Робишо был удивительно предусмотрителен, почти до угодливости. Даже сам сходил к буфету и налил коньяку обоим. Я глядел на него, не понимая откуда столько радости. Ведь задание я провалил, — Уэлдон погиб — а о том, что произошло в Отравиле и тем более моей роли в этом лучше не упоминать в отчётах.
— Для начала — за успешное завершение дела, — выдал тост Робишо, и мы вместе сделали по глотку отличного «Мартеля».

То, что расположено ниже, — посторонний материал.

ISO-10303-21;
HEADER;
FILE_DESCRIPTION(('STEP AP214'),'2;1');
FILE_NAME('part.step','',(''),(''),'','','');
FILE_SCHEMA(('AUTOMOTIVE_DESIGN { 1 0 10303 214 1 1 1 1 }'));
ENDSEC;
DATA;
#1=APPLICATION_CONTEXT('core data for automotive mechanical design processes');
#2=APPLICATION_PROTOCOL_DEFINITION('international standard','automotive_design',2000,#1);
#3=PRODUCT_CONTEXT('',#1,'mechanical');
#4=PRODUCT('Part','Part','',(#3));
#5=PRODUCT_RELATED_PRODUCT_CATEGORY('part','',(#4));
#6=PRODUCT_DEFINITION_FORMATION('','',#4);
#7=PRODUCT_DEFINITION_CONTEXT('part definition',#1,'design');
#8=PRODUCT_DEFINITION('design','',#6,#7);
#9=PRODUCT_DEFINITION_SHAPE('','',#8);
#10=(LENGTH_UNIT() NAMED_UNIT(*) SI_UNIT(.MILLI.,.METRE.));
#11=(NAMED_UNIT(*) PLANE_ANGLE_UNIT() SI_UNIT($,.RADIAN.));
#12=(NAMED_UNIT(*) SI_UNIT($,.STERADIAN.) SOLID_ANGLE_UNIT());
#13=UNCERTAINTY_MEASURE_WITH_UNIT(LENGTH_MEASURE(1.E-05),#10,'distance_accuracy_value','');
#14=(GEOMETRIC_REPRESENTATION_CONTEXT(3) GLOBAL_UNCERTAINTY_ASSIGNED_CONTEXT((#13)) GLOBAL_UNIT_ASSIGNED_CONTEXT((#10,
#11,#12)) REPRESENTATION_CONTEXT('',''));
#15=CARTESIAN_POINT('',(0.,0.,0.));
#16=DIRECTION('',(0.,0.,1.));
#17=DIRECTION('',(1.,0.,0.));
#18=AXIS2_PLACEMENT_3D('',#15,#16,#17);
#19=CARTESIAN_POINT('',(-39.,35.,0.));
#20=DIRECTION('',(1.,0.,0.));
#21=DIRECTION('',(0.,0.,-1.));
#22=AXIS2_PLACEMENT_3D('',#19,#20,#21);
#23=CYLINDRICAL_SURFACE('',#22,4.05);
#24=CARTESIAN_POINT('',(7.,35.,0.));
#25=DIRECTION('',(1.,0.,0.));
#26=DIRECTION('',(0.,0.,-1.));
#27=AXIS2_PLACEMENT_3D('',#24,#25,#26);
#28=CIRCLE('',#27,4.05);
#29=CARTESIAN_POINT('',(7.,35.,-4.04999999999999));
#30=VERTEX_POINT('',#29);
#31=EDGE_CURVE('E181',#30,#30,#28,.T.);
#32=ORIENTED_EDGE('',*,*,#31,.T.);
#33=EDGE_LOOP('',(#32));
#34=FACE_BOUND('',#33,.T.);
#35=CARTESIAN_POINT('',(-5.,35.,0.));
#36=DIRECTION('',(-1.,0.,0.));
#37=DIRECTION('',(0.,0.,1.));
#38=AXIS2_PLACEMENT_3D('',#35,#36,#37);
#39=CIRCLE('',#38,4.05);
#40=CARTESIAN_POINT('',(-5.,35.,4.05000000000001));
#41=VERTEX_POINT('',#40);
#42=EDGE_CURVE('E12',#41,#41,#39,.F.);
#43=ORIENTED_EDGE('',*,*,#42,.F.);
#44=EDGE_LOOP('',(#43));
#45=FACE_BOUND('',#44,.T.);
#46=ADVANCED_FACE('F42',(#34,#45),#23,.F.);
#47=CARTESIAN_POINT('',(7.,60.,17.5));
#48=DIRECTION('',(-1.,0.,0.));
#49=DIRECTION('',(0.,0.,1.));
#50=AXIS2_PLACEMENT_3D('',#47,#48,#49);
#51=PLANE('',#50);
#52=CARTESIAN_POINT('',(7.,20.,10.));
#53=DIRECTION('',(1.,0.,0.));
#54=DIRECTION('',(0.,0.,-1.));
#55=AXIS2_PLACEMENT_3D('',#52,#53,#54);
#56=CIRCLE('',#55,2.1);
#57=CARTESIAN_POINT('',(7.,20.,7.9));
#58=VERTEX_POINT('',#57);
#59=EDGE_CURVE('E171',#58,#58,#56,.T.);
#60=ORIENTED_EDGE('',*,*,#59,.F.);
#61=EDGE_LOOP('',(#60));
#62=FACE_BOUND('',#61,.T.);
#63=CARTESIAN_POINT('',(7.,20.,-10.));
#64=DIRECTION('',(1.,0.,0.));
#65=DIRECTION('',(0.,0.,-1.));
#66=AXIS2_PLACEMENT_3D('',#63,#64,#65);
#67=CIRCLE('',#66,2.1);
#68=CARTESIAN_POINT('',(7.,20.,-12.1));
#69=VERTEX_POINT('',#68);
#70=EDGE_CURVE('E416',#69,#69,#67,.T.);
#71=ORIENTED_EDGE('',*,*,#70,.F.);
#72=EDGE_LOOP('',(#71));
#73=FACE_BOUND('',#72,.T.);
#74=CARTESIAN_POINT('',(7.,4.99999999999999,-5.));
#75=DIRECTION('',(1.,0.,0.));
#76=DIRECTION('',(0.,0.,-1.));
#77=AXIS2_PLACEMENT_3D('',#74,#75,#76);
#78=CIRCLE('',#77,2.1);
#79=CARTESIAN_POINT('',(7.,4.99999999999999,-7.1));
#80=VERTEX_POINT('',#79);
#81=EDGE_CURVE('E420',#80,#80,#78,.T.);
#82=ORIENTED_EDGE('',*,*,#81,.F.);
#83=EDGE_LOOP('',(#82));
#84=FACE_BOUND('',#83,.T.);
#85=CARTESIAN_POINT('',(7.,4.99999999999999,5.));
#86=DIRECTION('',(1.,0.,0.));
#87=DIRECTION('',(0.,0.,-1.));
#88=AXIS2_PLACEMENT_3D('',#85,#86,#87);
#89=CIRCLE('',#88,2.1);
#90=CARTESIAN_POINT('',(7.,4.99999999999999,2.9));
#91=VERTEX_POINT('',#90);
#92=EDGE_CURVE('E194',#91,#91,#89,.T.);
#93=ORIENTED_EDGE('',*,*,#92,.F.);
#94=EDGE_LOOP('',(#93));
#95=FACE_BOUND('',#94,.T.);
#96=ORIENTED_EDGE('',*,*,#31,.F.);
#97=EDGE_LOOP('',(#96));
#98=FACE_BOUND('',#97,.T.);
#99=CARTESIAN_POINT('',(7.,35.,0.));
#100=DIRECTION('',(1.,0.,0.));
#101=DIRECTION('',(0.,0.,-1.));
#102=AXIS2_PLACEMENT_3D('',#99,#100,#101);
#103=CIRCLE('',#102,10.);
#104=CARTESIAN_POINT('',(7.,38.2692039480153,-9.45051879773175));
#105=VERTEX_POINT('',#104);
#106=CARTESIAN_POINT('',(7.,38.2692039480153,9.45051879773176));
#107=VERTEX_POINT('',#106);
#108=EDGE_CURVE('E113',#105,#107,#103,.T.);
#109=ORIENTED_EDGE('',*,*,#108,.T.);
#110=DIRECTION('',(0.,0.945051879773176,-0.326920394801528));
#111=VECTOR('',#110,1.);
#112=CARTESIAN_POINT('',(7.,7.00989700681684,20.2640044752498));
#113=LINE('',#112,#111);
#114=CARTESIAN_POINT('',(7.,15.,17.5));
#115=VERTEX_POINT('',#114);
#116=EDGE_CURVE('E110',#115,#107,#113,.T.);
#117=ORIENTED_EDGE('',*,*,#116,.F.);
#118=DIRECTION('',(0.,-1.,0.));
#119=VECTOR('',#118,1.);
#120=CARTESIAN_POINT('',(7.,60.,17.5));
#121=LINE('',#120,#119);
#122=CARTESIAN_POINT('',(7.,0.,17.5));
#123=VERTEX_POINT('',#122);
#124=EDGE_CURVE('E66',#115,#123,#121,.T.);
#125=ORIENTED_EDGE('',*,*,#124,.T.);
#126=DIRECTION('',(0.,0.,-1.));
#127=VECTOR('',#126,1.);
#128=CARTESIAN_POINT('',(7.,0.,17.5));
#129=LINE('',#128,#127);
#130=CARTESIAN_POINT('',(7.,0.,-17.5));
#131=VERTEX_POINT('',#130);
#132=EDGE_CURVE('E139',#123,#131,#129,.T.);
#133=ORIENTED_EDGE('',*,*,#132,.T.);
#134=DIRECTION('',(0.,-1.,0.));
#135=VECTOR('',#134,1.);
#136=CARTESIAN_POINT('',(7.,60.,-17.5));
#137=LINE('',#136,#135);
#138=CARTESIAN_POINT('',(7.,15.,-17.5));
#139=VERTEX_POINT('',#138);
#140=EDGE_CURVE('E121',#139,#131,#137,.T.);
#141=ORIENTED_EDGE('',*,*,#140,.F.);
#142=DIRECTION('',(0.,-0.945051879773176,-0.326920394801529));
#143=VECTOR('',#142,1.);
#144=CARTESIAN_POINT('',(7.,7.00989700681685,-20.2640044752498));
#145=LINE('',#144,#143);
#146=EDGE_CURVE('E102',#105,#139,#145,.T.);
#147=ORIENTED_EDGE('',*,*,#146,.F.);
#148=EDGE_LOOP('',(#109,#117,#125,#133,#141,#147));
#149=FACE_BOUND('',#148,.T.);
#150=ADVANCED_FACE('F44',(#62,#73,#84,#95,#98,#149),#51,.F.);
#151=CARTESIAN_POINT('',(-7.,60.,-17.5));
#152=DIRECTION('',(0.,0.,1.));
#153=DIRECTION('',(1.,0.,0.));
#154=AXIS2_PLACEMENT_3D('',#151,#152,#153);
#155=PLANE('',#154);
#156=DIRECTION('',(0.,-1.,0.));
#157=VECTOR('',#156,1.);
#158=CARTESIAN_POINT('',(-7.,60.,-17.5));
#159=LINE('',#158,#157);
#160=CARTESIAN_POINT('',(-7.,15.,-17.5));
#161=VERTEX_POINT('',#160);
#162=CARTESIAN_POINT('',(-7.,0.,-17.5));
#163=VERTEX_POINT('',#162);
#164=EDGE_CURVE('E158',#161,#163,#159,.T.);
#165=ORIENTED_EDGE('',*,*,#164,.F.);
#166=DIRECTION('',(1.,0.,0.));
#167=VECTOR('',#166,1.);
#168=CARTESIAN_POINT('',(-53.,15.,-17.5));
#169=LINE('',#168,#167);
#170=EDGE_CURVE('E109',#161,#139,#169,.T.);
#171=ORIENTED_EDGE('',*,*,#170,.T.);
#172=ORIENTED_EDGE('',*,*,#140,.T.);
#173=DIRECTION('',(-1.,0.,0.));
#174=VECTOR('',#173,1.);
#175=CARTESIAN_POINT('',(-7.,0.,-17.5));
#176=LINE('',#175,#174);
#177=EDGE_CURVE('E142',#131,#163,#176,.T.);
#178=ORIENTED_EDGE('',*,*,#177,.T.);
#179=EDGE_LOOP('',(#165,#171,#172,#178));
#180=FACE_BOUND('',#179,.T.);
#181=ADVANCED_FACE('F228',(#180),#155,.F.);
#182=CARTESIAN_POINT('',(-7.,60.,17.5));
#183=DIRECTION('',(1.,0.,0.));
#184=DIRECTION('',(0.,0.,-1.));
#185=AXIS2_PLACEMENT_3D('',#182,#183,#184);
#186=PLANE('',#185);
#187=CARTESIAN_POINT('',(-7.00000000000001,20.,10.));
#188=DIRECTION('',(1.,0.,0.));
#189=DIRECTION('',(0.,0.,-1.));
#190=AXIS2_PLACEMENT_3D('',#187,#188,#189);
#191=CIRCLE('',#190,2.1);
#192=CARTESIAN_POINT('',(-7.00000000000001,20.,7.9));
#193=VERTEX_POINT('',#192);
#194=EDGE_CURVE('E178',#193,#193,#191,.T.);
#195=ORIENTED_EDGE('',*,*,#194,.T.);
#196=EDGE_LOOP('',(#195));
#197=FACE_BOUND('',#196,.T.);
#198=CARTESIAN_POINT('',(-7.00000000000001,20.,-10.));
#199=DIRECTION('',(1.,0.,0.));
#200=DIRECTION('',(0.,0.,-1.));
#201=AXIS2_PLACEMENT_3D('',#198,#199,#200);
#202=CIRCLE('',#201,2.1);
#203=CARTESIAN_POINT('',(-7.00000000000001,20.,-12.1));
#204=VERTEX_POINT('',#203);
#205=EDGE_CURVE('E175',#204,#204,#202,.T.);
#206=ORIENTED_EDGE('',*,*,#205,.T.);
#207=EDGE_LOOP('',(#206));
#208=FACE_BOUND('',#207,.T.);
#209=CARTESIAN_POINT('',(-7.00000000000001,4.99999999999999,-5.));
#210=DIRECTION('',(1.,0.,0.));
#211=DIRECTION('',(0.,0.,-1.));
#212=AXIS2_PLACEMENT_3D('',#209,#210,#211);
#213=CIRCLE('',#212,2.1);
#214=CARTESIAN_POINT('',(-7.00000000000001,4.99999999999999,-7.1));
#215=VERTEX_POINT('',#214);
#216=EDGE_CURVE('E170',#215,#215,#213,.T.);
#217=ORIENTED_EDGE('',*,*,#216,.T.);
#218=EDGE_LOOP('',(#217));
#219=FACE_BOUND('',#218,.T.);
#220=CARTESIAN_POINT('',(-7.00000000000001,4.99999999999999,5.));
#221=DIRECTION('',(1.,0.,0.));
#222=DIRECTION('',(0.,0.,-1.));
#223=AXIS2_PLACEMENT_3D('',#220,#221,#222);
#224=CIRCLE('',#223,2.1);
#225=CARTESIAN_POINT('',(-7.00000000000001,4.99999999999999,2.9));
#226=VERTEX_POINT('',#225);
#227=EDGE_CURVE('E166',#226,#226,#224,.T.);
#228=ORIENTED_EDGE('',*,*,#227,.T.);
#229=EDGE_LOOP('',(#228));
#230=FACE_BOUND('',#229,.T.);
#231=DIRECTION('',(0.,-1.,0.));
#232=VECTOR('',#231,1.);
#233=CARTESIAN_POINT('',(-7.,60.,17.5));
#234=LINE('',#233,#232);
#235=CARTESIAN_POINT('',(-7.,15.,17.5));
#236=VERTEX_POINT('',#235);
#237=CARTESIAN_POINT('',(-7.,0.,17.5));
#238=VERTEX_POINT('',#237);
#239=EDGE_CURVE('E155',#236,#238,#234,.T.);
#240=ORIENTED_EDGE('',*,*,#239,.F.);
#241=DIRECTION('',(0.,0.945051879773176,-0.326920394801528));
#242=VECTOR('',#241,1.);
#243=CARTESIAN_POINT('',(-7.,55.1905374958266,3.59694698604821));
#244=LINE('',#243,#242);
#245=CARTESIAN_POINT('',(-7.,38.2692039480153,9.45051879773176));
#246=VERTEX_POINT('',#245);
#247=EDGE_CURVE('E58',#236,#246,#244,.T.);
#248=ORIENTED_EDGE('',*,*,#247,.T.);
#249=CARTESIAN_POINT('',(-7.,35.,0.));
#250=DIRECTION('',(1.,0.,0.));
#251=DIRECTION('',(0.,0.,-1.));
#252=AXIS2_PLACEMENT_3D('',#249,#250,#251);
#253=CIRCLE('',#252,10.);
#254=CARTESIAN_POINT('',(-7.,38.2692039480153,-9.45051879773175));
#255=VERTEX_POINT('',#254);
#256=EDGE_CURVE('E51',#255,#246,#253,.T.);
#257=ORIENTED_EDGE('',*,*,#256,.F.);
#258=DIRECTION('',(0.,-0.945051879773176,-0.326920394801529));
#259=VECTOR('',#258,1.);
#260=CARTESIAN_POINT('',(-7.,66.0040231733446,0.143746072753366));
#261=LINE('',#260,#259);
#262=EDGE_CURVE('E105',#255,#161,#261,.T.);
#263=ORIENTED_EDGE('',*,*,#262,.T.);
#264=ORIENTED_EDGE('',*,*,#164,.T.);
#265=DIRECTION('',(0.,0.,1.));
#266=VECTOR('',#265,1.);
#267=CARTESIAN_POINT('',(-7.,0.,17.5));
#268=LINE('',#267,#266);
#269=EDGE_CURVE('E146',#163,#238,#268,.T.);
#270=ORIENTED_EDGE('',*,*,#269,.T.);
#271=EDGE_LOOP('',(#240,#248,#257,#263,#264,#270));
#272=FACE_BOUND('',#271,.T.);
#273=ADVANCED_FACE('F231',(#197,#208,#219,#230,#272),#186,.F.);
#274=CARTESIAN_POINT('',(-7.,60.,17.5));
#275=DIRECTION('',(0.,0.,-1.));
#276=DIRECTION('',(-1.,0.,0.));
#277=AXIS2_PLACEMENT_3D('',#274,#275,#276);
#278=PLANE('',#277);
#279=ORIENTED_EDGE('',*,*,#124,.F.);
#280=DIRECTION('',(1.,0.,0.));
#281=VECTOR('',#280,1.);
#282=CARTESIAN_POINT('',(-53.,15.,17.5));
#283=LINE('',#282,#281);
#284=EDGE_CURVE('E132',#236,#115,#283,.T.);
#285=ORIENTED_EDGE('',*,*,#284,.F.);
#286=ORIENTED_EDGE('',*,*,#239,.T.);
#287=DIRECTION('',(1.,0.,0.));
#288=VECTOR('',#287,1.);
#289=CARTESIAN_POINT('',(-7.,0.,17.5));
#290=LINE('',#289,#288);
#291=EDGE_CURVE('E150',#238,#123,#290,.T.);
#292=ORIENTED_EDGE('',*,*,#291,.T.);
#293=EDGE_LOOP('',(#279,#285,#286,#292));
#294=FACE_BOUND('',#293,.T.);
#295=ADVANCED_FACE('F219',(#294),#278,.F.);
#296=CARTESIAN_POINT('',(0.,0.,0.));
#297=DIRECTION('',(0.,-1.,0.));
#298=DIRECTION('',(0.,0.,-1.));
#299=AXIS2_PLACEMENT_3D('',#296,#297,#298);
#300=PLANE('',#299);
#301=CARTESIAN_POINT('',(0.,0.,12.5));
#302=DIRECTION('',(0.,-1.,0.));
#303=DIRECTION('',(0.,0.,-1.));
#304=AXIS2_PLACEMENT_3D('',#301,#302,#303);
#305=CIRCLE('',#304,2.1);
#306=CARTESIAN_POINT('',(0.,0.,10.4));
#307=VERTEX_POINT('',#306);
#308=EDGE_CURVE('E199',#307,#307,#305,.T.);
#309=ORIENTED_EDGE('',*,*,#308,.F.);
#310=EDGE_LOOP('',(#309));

«Пулемётный» коньяк был очень хорош — он скользнул по пищеводу и упал в желудок волной мягкого огня. Сразу стало теплее внутри, но я постарался избавиться от этого расслабляющего воздействия. Сейчас надо быть собранным, как перед схваткой с людьми Рохо.
— Успешное? — поинтересовался я, видя, что продолжать качающий в пальцах бокал с коньяком Робишо не собирается.
— Третьего дня миссис Уэлдон вернула на счёт полмиллиона гномьих кредитов, которые ты охранял по заданию страховой компании, — пояснил Робишо, ставя бокал на стол и доставая из ящика конверт с эмблемой «Взаимной компании по страхованию Карпантье». Толкнул его мне. — Премии за спасение жизни владельца вклада, увы, не положено.
Именно премия составляла большую часть моего гонорара, но тут уж ничего не попишешь — Уэлдон мёртв, а значит, я этих денег точно не заработал.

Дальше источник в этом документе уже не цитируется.